Words and images here are associated with mythology, psychology, culture, and related work both polished and in progress. All material not set apart by quotation marks is original work © Brandon WilliamsCraig. Pleae do not use without permission.

Wednesday, October 25, 2006

Process Arts,

Culturopoesis,

Healing Friction, and

Guardianship of Peace

“In his book Inter Views, James Hillman remarks that instead of being the founder of a school of thought, he sees himself as the member of a community of people who are at work re-visioning things.”
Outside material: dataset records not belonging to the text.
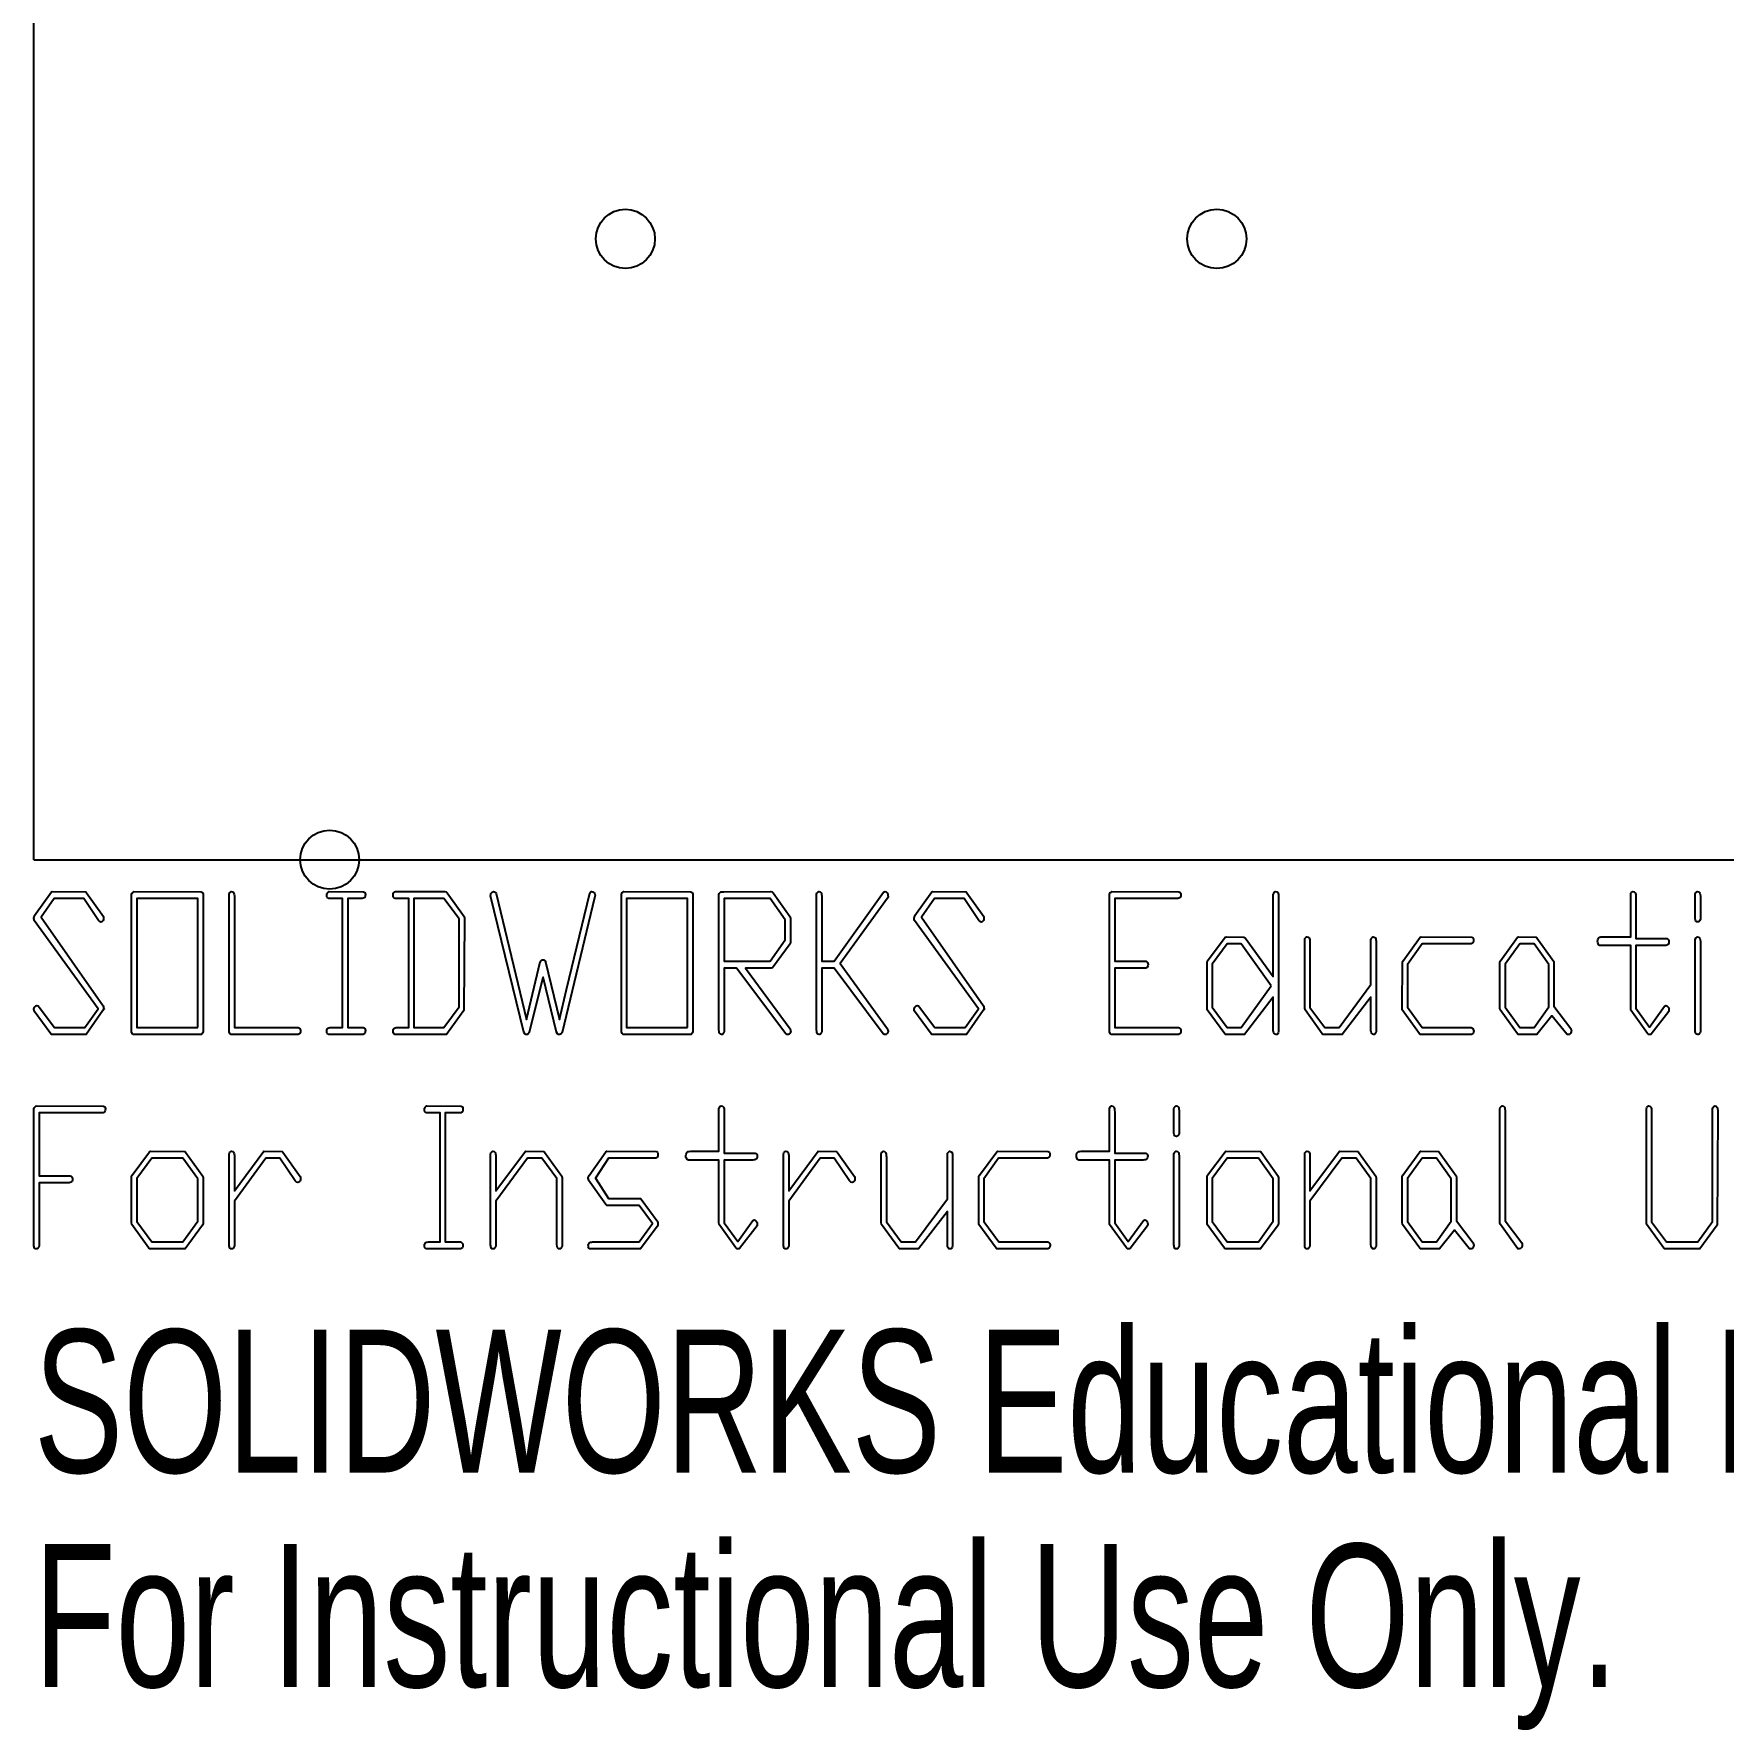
# Model space of a CAD drawing. Header units: millimetres. Extents: x 0 to 220, y -29 to 200.
# Drawn here: x 0 to 57.1, y -29.4 to 27.9 of the extents above; entities that cross this region are included whole.
import ezdxf

# ---------------------------------------------------------------- set-up
doc = ezdxf.new("R2010")
doc.units = ezdxf.units.MM
doc.styles.add('SLDTEXTSTYLE0', font='TXT', dxfattribs={"width": 0.7})

msp = doc.modelspace()

# ---------------------------------------------------------------- linework, layer by layer
at = {"color": 7, "linetype": 'Continuous'}
for q in [(0, 200), (220, 0)]:
    msp.add_line((0, 0), q, dxfattribs=at)
at = {"color": 7, "linetype": 'Continuous', "flags": 128}
for points in [[(1.783, -1.117), (2.349, -1.918), (2.349, -1.918), (2.356, -1.945), (2.358, -1.977), (2.358, -1.977), (2.356, -1.998), (2.349, -2.022), (2.349, -2.022), (2.339, -2.057), (2.321, -2.083), (2.296, -2.103), (2.265, -2.113), (2.265, -2.113), (2.22, -2.093), (2.186, -2.058), (2.186, -2.058), (1.683, -1.314), (1.683, -1.314), (0.682, -1.314), (0.682, -1.314), (0.244, -1.942), (0.244, -1.942), (2.344, -4.946), (2.344, -4.946), (2.354, -4.971), (2.358, -5.006), (2.358, -5.006), (2.358, -5.019), (2.358, -5.033), (2.358, -5.033), (2.374, -5.042), (2.379, -5.048), (2.374, -5.055), (2.358, -5.058), (2.358, -5.058), (2.335, -5.099), (2.335, -5.099), (1.768, -5.906), (1.768, -5.906), (1.721, -5.912), (1.721, -5.912), (0.603, -5.912), (0.603, -5.912), (0.576, -5.887), (0.576, -5.887), (0.009, -5.126), (0.009, -5.126), (0.003, -5.091), (0, -5.063), (0, -5.063), (0.001, -5.037), (0.005, -5.02), (0.005, -5.02), (0.019, -4.986), (0.04, -4.961), (0.064, -4.943), (0.096, -4.933), (0.096, -4.933), (0.14, -4.946), (0.177, -4.985), (0.177, -4.985), (0.694, -5.676), (0.694, -5.676), (1.721, -5.676), (1.721, -5.676), (2.171, -5.048), (2.171, -5.048), (0.009, -2.051), (0.009, -2.051), (0.003, -2.024), (0, -1.985), (0, -1.985), (0.001, -1.96), (0.005, -1.939), (0.005, -1.939), (0.023, -1.892), (0.023, -1.892), (0.593, -1.091), (0.593, -1.091), (0.621, -1.079), (0.621, -1.079), (1.751, -1.085), (1.751, -1.085), (1.783, -1.117)], [(5.655, -1.085), (5.677, -1.095), (5.695, -1.111), (5.709, -1.135), (5.718, -1.164), (5.718, -1.164), (5.718, -1.276), (5.718, -1.276), (5.718, -5.807), (5.718, -5.807), (5.7, -5.864), (5.665, -5.906), (5.665, -5.906), (5.631, -5.912), (5.631, -5.912), (3.364, -5.912), (3.364, -5.912), (3.324, -5.877), (3.301, -5.826), (3.301, -5.826), (3.301, -5.696), (3.301, -5.696), (3.301, -1.171), (3.301, -1.171), (3.312, -1.14), (3.329, -1.114), (3.353, -1.094), (3.383, -1.079), (3.383, -1.079), (5.655, -1.085)], [(6.751, -1.115), (6.763, -1.139), (6.772, -1.173), (6.777, -1.22), (6.779, -1.277), (6.779, -1.277), (6.779, -5.676), (6.779, -5.676), (8.935, -5.676), (8.935, -5.676), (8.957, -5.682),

from the acknowledgment with which

Thomas Moore's begins Blue Fire


Overview

As densely stated as possible for refinement and substantiation as we go along, the 20th Century brought with it the awareness of several deep shifts. One result of industrial urbanization is the accelerating, global extinction of relatively self-sufficient, village-size communities containing inescapable, long-term relationships[i]. Like no other structure communities, as defined here, can provide a container for both the desired and dreaded changes that accompany human life. This fading connective potential has been shown to deepen and reinforce the individual and group experiences that lend meaning to being human. The need for the kind of meaning associated with place and community persists and becomes progressively acute as the Industrial Mind[ii] promulgates and dwells in literalized abstractions, as though humanity were reducible to refined components or producible as an efficient mechanism. Human beings seem to be moved by this process to identify less with being rooted in familiar ground (literal and metaphorical place, work, family, body, etc.) and more in abstract idea spaces like The Market, Family Values, Globalization, The Environment, War on Terror, and many more. This creates greater exposure and vulnerability to a kind of self-perpetuating mythic structure at works in individuals and groups at the level of epistemology, ontology, and volition. Words often used to describe this mythic complex of influences include: “memes(Richard Dawkins), “metaphors we live by” (Lakoff and Johnson), and “mythicity”(Gould).

A recent shift of awareness happened in contact with the way industrial memes become a matter of social doctrine and underlie a previously unimaginable facility in fabricating and distributing not only concept based products but also product serving ideas. Vast ability now exists to convert life energy into the development, manufacture, and circulation of almost any thing and idea, from conception and comodification, to advertising campaigns and distribution networks, to the collection and retention (holding the attention and volition) of populations who learn to depend and insist upon on the idea or thing, as well as incipient ideas and things which will of necessity resemble it.

I will refer to this production cycle using its own metaphors, when possible, and will often borrow the mitts, flame, and caliper from this “idea foundry”[iii] in order to re-grind a well used lens, a way of seeing through, by reshaping familiar words. For example, I will use affixes and plays-on-words to refer to the shift from industry, in the sense of any purposeful activity, to industrialism, an abstraction into doctrine, “–ism” coming from the Greek suggesting the act, state, or theory of anything. Following the abstracting movements of industrialism, for instance, might lead to consideration of “industriality” – the quality or state of being within the culture shaped by the doctrine, and then to “industreality” - the submersion of the doctrinalizing process by ubiquitous theoretical usage until the “real” is defined industrially. I create or use others’ neologisms not simply to catch the mind’s eye but as a way of opening and working an idea-complex which reflects not only a shift in observable behavior but also the accompanying inescapable change in word-ideas.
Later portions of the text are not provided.